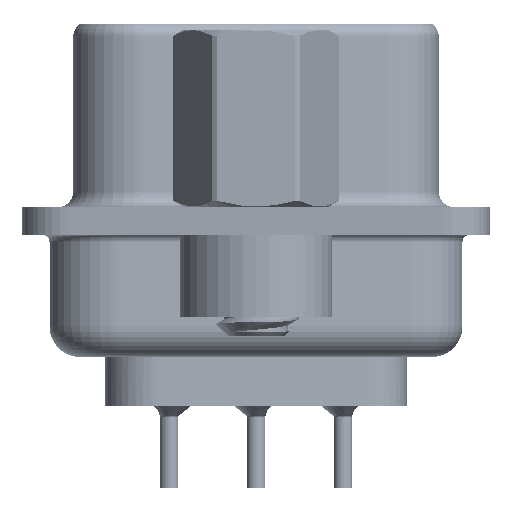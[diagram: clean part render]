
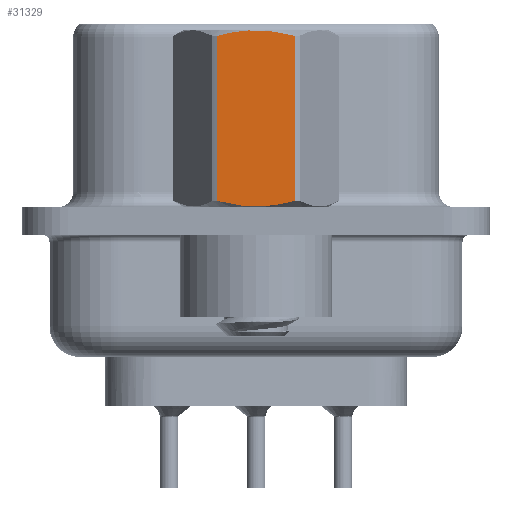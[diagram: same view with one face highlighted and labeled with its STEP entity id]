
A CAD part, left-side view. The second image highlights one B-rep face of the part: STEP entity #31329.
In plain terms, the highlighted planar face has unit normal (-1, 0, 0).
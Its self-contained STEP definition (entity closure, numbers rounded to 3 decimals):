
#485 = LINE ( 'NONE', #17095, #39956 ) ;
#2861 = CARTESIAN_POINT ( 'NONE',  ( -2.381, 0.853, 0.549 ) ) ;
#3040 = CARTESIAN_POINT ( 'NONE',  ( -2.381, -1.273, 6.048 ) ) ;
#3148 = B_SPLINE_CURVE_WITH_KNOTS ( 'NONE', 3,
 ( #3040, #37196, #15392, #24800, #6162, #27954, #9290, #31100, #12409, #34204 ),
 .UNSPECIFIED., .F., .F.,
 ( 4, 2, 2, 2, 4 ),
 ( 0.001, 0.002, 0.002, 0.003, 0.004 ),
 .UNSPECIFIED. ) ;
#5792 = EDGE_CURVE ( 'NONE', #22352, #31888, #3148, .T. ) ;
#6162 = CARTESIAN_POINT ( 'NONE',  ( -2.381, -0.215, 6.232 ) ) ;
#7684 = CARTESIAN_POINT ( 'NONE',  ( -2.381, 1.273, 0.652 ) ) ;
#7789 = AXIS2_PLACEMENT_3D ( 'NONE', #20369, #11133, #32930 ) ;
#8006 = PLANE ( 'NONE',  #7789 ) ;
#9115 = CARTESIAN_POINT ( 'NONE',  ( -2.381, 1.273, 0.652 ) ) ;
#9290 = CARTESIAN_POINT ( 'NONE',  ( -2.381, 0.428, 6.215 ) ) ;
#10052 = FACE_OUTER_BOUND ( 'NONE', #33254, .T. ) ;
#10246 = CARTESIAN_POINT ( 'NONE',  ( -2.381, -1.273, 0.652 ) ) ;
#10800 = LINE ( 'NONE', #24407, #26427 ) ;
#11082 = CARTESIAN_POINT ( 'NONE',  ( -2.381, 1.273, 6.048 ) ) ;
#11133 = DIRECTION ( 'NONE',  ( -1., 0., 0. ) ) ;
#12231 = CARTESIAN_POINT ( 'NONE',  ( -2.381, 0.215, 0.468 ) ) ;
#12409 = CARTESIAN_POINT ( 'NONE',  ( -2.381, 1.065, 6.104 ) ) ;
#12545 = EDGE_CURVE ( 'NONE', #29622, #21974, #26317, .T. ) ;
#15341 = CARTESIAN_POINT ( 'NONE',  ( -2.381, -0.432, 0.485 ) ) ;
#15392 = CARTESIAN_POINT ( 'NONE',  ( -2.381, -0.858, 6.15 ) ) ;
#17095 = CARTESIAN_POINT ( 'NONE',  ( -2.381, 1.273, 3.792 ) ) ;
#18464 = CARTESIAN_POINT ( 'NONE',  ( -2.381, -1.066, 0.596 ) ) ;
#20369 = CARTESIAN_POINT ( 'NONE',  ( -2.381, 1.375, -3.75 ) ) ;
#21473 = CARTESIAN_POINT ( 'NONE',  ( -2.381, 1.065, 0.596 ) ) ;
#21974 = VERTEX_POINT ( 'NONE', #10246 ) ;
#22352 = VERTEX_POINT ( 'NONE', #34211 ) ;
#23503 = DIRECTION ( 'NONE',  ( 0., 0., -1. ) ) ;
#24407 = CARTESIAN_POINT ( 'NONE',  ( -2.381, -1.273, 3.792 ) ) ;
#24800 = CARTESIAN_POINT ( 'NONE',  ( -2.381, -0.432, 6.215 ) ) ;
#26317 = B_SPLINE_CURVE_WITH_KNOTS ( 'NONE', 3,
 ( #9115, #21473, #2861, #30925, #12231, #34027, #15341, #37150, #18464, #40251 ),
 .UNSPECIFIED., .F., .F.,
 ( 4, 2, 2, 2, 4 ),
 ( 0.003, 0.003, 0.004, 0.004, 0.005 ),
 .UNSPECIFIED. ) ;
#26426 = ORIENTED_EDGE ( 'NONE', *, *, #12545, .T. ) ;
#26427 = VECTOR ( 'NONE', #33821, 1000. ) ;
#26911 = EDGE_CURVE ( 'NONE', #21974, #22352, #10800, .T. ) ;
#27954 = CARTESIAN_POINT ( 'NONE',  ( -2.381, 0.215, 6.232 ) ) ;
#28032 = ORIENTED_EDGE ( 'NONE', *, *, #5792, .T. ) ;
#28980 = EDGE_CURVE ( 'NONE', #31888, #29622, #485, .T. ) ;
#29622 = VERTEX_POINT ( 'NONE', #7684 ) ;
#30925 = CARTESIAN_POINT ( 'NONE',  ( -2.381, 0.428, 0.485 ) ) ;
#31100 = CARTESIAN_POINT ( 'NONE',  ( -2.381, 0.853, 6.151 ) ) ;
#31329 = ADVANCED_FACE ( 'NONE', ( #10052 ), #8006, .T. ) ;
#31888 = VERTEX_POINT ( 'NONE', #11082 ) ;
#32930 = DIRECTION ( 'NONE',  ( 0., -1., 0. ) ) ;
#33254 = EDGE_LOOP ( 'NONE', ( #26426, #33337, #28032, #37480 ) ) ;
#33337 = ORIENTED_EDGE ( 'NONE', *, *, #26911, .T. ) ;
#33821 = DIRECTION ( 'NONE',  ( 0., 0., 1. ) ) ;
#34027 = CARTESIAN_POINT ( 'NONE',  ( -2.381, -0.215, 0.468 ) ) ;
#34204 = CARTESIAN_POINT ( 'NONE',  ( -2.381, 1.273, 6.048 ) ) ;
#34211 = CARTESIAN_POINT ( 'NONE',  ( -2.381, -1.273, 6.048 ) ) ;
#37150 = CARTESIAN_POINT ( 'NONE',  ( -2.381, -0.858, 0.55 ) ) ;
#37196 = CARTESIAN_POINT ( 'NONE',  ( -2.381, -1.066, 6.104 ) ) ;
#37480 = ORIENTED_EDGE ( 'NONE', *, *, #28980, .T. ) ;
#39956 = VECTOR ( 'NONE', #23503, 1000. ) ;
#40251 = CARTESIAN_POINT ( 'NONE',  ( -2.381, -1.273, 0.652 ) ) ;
● ● ● ● ●
> [Your assignment]
Lines from the entries that contain the string "DIRECTION" are what must be copied.

> [Output of the exercise]
#11133 = DIRECTION ( 'NONE',  ( -1., 0., 0. ) ) ;
#23503 = DIRECTION ( 'NONE',  ( 0., 0., -1. ) ) ;
#32930 = DIRECTION ( 'NONE',  ( 0., -1., 0. ) ) ;
#33821 = DIRECTION ( 'NONE',  ( 0., 0., 1. ) ) ;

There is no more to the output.